Using the records below, quote only the span that opens with the line containing "doc.units = 0" and closes with the line containing "blk = doc.blocks.new('tr')", exactly and inclusively.

■ Listed entries
_ _ _ _ _ _ _

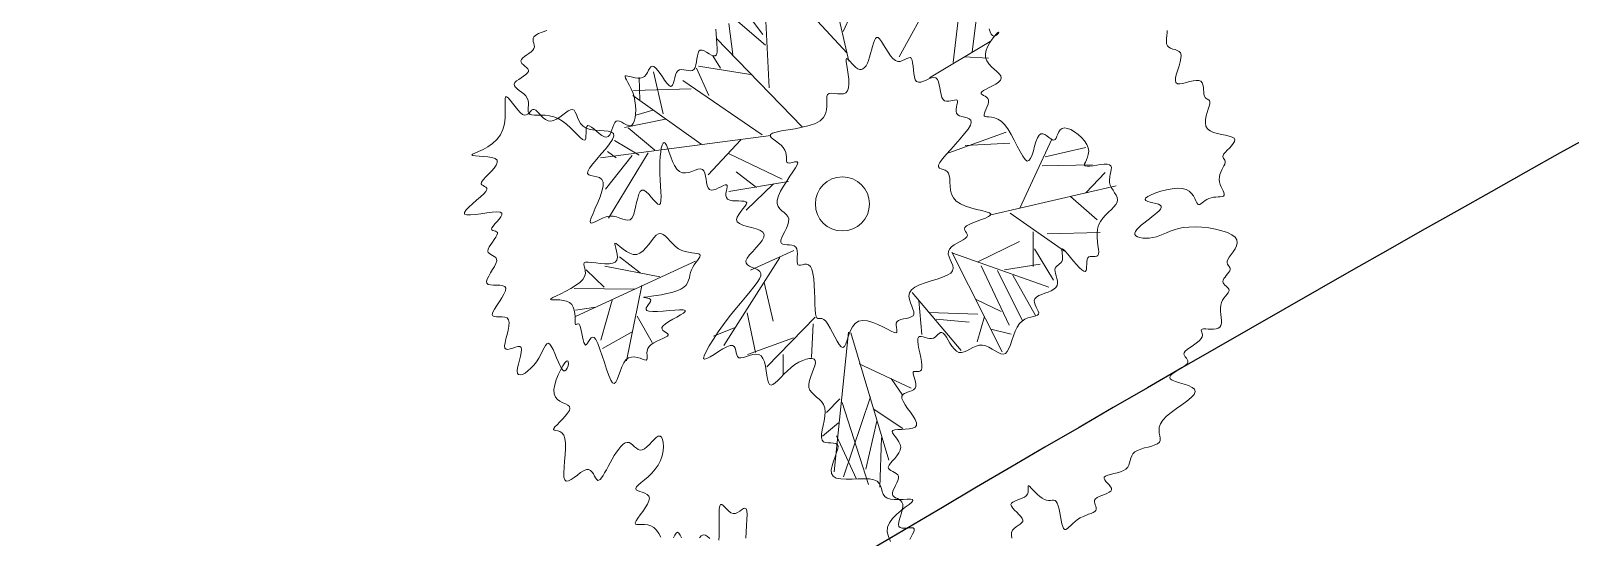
# Model space of a CAD drawing. Extents: x 2080 to 102394, y 2071 to 93424.
# Drawn here: x 84530.2 to 84955.2, y 83870.1 to 84009.9 of the extents above; entities that cross this region are included whole.
import ezdxf

# ---------------------------------------------------------------- set-up
doc = ezdxf.new("R2010")
doc.units = 0
doc.header["$LTSCALE"] = 20
doc.header["$MEASUREMENT"] = 0
doc.layers.add('casuanut tree', color=100, linetype='Continuous', lineweight=5)
doc.layers.add('road', color=2, linetype='Continuous')

# ---------------------------------------------------------------- blocks, each defined once
blk = doc.blocks.new('tr')
at = {"layer": 'casuanut tree'}
for p, q in [((0.2285, 0.3375), (0.4338, 0.5671)), ((-0.1915, 0.4409), (-0.1837, 0.5213)), ((-0.1033, 0.4448), (-0.1641, 0.5272)), ((-0.1035, 0.4735), (-0.1307, 0.5339)), ((-0.1186, 0.3345), (-0.0824, 0.54)), ((0.0987, 0.3768), (-0.0009, 0.552)), ((-0.0583, 0.2167), (-0.2243, 0.4916)), ((0.1017, 0.4342), (0.1621, 0.5128)), ((-0.4024, 0.3315), (-0.4024, 0.4433)), ((-0.2307, 0.4134), (-0.2425, 0.4487)), ((0.0987, 0.3557), (0.0987, 0.4795)), ((-0.317, 0.3781), (-0.4641, 0.4075)), ((-0.4537, 0.3798), (-0.4417, 0.4372)), ((-0.1639, 0.2197), (-0.333, 0.404)), ((-0.2758, 0.3506), (-0.2915, 0.4272)), ((-0.1579, 0.3798), (-0.2847, 0.4312)), ((0.3614, 0.2918), (0.4065, 0.4173)), ((-0.3239, 0.2318), (-0.4688, 0.3949)), ((0.4163, 0.3075), (0.4496, 0.3977)), ((-0.4266, 0.3466), (-0.4719, 0.3436)), ((0.2928, 0.2663), (0.4673, 0.3232)), ((-0.487, 0.2409), (-0.5413, 0.2922)), ((-0.3994, 0.3164), (-0.5081, 0.3194)), ((-0.4447, 0.2439), (-0.499, 0.3164)), ((0.3928, 0.2996), (0.4535, 0.282)), ((-0.4628, 0.2409), (-0.6017, 0.0989)), ((-0.5051, 0.2439), (-0.5926, 0.1744)), ((-0.1428, 0.2137), (-0.5866, 0.256)), ((-0.5473, 0.2469), (-0.5654, 0.2681)), ((-0.2213, 0.2197), (-0.3239, 0.1502)), ((-0.1398, 0.0959), (-0.2605, 0.1925)), ((-0.2092, 0.0898), (-0.2515, 0.1412)), ((-0.1247, 0.0868), (-0.2817, 0.0959)), ((-0.1639, 0.0898), (-0.2485, 0.0385)), ((0.298, 0.0656), (0.455, 0.0838)), ((0.3433, 0.0747), (0.458, 0.0536)), ((0.445, -0.1163), (0.5666, 0.0392)), ((-0.6532, -0.073), (-0.6884, -0.0189)), ((-0.5062, -0.0793), (-0.6394, -0.0202)), ((-0.5539, -0.0579), (-0.5967, -0.0051)), ((0.526, -0.0217), (0.6544, -0.0487)), ((0.5395, -0.0014), (0.6476, -0.0014)), ((-0.4069, -0.0604), (-0.7425, -0.1308)), ((-0.5766, -0.0956), (-0.7299, -0.0592)), ((0.6206, -0.1163), (0.6814, -0.0758)), ((-0.6859, -0.1183), (-0.7387, -0.1145)), ((-0.6407, -0.1107), (-0.6922, -0.205)), ((-0.5565, -0.0906), (-0.6394, -0.2729)), ((-0.1911, -0.1005), (-0.3843, -0.2908)), ((-0.1519, -0.0915), (-0.2726, -0.1156)), ((0.3639, -0.1163), (0.7017, -0.1163)), ((0.5801, -0.1163), (0.6341, -0.1907)), ((-0.2454, -0.1549), (-0.2454, -0.2576)), ((0.4179, -0.1231), (0.5328, -0.2516)), ((-0.5866, -0.166), (-0.564, -0.2415)), ((0.2467, -0.1881), (0.3161, -0.4691)), ((0.249, -0.1907), (0.472, -0.3327)), ((0.4652, -0.1839), (0.445, -0.2718)), ((0.499, -0.1975), (0.6341, -0.2245)), ((-0.608, -0.2025), (-0.6935, -0.2276)), ((-0.3058, -0.2214), (-0.3088, -0.3271)), ((0.307, -0.2274), (0.4248, -0.2002)), ((0.3131, -0.2395), (0.3493, -0.4056)), ((0.458, -0.2274), (0.4882, -0.318)), ((-0.3481, -0.2516), (-0.4054, -0.2606)), ((-0.1368, -0.2727), (-0.2877, -0.3694)), ((0.1229, -0.2667), (0.2134, -0.4419)), ((0.3523, -0.2606), (0.3855, -0.4026)), ((0.3704, -0.2637), (0.464, -0.2697)), ((-0.2032, -0.312), (-0.33, -0.3271)), ((-0.1458, -0.2878), (-0.17, -0.3724)), ((0.135, -0.2908), (0.1229, -0.3785)), ((0.3885, -0.2818), (0.4218, -0.3966)), ((-0.2394, -0.3482), (-0.2515, -0.3996)), ((-0.0613, -0.3301), (-0.179, -0.6745)), ((-0.0552, -0.3331), (-0.0341, -0.6775)), ((0.1531, -0.3271), (0.2768, -0.3603)), ((0.1682, -0.3482), (0.2497, -0.3754)), ((0.2799, -0.3211), (0.3372, -0.3664)), ((0.2919, -0.3694), (0.2587, -0.4298)), ((-0.0526, -0.416), (0.0645, -0.5084)), ((0.301, -0.4056), (0.3493, -0.4298)), ((0.0195, -0.4723), (0.0397, -0.5219)), ((-0.1217, -0.4933), (-0.1639, -0.5204)), ((-0.0436, -0.5061), (-0.1585, -0.6932)), ((-0.1179, -0.5039), (-0.0999, -0.727)), ((-0.1398, -0.5537), (-0.1881, -0.5778)), ((-0.0432, -0.5386), (0.0202, -0.605)), ((-0.1517, -0.585), (-0.1269, -0.7067)), ((-0.0413, -0.5715), (-0.0976, -0.6865))]:
    blk.add_line(p, q, dxfattribs=at)
at = {"layer": 'casuanut tree', "color": 2}
blk.add_line((-0.0391, -0.6166), (-0.0729, -0.7406), dxfattribs=at)
at = {"layer": 'casuanut tree'}
for points in [[(-0.6483, 0.6104), (-0.6603, 0.6087), (-0.6706, 0.607), (-0.6787, 0.6048), (-0.6841, 0.6019), (-0.6872, 0.5983), (-0.6885, 0.5942), (-0.6887, 0.5898), (-0.6885, 0.5852), (-0.6884, 0.5806), (-0.6891, 0.5762), (-0.6911, 0.5722), (-0.695, 0.5686), (-0.7003, 0.5655), (-0.7065, 0.5626), (-0.7131, 0.5599), (-0.7194, 0.5573), (-0.725, 0.5546), (-0.7293, 0.5517), (-0.7317, 0.5485), (-0.7318, 0.5449), (-0.7302, 0.541), (-0.7274, 0.5369), (-0.7241, 0.5327), (-0.7208, 0.5285), (-0.7184, 0.5244), (-0.7173, 0.5205), (-0.7182, 0.5169), (-0.7215, 0.5138), (-0.7268, 0.5109), (-0.7333, 0.5082), (-0.7405, 0.5055), (-0.7477, 0.5028), (-0.7541, 0.5), (-0.7591, 0.4968), (-0.7621, 0.4933), (-0.7625, 0.4892), (-0.7607, 0.4847), (-0.7574, 0.4797), (-0.7531, 0.4744), (-0.7483, 0.4688), (-0.7437, 0.4629), (-0.7398, 0.4567), (-0.7373, 0.4505), (-0.7365, 0.4441), (-0.737, 0.4377), (-0.7384, 0.4316), (-0.7401, 0.4257), (-0.7416, 0.4202), (-0.7424, 0.4153), (-0.7419, 0.4111), (-0.7395, 0.4076), (-0.7351, 0.4051), (-0.7287, 0.4031), (-0.7207, 0.4013), (-0.7115, 0.3992), (-0.7016, 0.3965), (-0.6913, 0.3927), (-0.6809, 0.3876), (-0.6709, 0.3806), (-0.6615, 0.3716), (-0.6529, 0.3611), (-0.6451, 0.35), (-0.6381, 0.3389), (-0.6318, 0.3287), (-0.6264, 0.3201), (-0.6217, 0.3138), (-0.6179, 0.3107), (-0.615, 0.3113), (-0.6126, 0.3148), (-0.6107, 0.3203), (-0.6089, 0.3269), (-0.6072, 0.3337), (-0.6053, 0.3397), (-0.6029, 0.344), (-0.5999, 0.3457), (-0.5962, 0.344), (-0.5917, 0.3396), (-0.5867, 0.3334), (-0.5814, 0.3262), (-0.5758, 0.3189), (-0.5702, 0.3124), (-0.5646, 0.3075), (-0.5594, 0.3051), (-0.5545, 0.3058), (-0.55, 0.3091), (-0.5457, 0.3143), (-0.5417, 0.3205), (-0.5377, 0.3269), (-0.5337, 0.3328), (-0.5297, 0.3375), (-0.5256, 0.34), (-0.5213, 0.34), (-0.5168, 0.3378), (-0.5122, 0.3343), (-0.5075, 0.33), (-0.5027, 0.3258), (-0.4979, 0.3224), (-0.4932, 0.3205), (-0.4885, 0.3209), (-0.4839, 0.324), (-0.4796, 0.3296), (-0.4756, 0.3373), (-0.4721, 0.3467), (-0.4693, 0.3572), (-0.4672, 0.3686), (-0.4661, 0.3803), (-0.4659, 0.3919), (-0.4669, 0.403), (-0.4686, 0.4134), (-0.4708, 0.4228), (-0.4731, 0.4312), (-0.4751, 0.4382), (-0.4765, 0.4437), (-0.477, 0.4475), (-0.4761, 0.4493), (-0.4736, 0.4492), (-0.4697, 0.4475), (-0.4647, 0.4448), (-0.4589, 0.4416), (-0.4526, 0.4384), (-0.446, 0.4359), (-0.4395, 0.4344), (-0.4333, 0.4347), (-0.4277, 0.4369), (-0.4226, 0.4407), (-0.418, 0.4453), (-0.4137, 0.45), (-0.4097, 0.4542), (-0.4059, 0.457), (-0.4021, 0.4579), (-0.3984, 0.4561), (-0.3945, 0.4512), (-0.3906, 0.4438), (-0.3867, 0.4347), (-0.3828, 0.425), (-0.3789, 0.4154), (-0.3751, 0.4068), (-0.3715, 0.4002), (-0.368, 0.3964), (-0.3647, 0.396), (-0.3615, 0.3985), (-0.3584, 0.4032), (-0.3552, 0.4092), (-0.3518, 0.4158), (-0.3482, 0.4222), (-0.3442, 0.4276), (-0.3398, 0.4313), (-0.3349, 0.4327), (-0.3297, 0.4322), (-0.3242, 0.4304), (-0.3186, 0.4281), (-0.313, 0.4258), (-0.3077, 0.4242), (-0.3027, 0.4239), (-0.2982, 0.4257), (-0.2942, 0.4298), (-0.2908, 0.4359), (-0.2876, 0.4431), (-0.2847, 0.4507), (-0.2817, 0.4581), (-0.2785, 0.4643), (-0.2751, 0.4688), (-0.2712, 0.4707), (-0.2666, 0.4697), (-0.2617, 0.4663), (-0.2565, 0.4615), (-0.2512, 0.4562), (-0.246, 0.4515), (-0.2411, 0.4481), (-0.2366, 0.4471), (-0.2329, 0.4493), (-0.2299, 0.4555), (-0.2275, 0.4649), (-0.2255, 0.4765), (-0.2236, 0.4893), (-0.2216, 0.5024), (-0.2193, 0.5146)], [(0.2315, -0.9466), (0.2323, -0.9388), (0.2344, -0.9322), (0.2382, -0.927), (0.2432, -0.9232), (0.249, -0.9204), (0.255, -0.9181), (0.2606, -0.916), (0.2654, -0.9138), (0.2689, -0.911), (0.2704, -0.9074), (0.2697, -0.9026), (0.2673, -0.8968), (0.2636, -0.8905), (0.2593, -0.8839), (0.2551, -0.8773), (0.2516, -0.8711), (0.2494, -0.8656), (0.249, -0.8612), (0.2511, -0.858), (0.2551, -0.8559), (0.2607, -0.8545), (0.2672, -0.8536), (0.2742, -0.8527), (0.2812, -0.8517), (0.2876, -0.8501), (0.293, -0.8477), (0.2969, -0.8442), (0.2995, -0.84), (0.3011, -0.8355), (0.3021, -0.8312), (0.3027, -0.8274), (0.3032, -0.8247), (0.304, -0.8234), (0.3053, -0.824), (0.3074, -0.8268), (0.3103, -0.8313), (0.3137, -0.8372), (0.3177, -0.8438), (0.3221, -0.8508), (0.3269, -0.8574), (0.3318, -0.8633), (0.3369, -0.8679), (0.3419, -0.8709), (0.3468, -0.8726), (0.3515, -0.8736), (0.3559, -0.8743), (0.3597, -0.8752), (0.363, -0.877), (0.3655, -0.88), (0.3673, -0.8848), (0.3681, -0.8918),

_ _ _ _ _ _ _

■ Exercise result
doc.units = 0
doc.header["$LTSCALE"] = 20
doc.header["$MEASUREMENT"] = 0
doc.layers.add('casuanut tree', color=100, linetype='Continuous', lineweight=5)
doc.layers.add('road', color=2, linetype='Continuous')

# ---------------------------------------------------------------- blocks, each defined once
blk = doc.blocks.new('tr')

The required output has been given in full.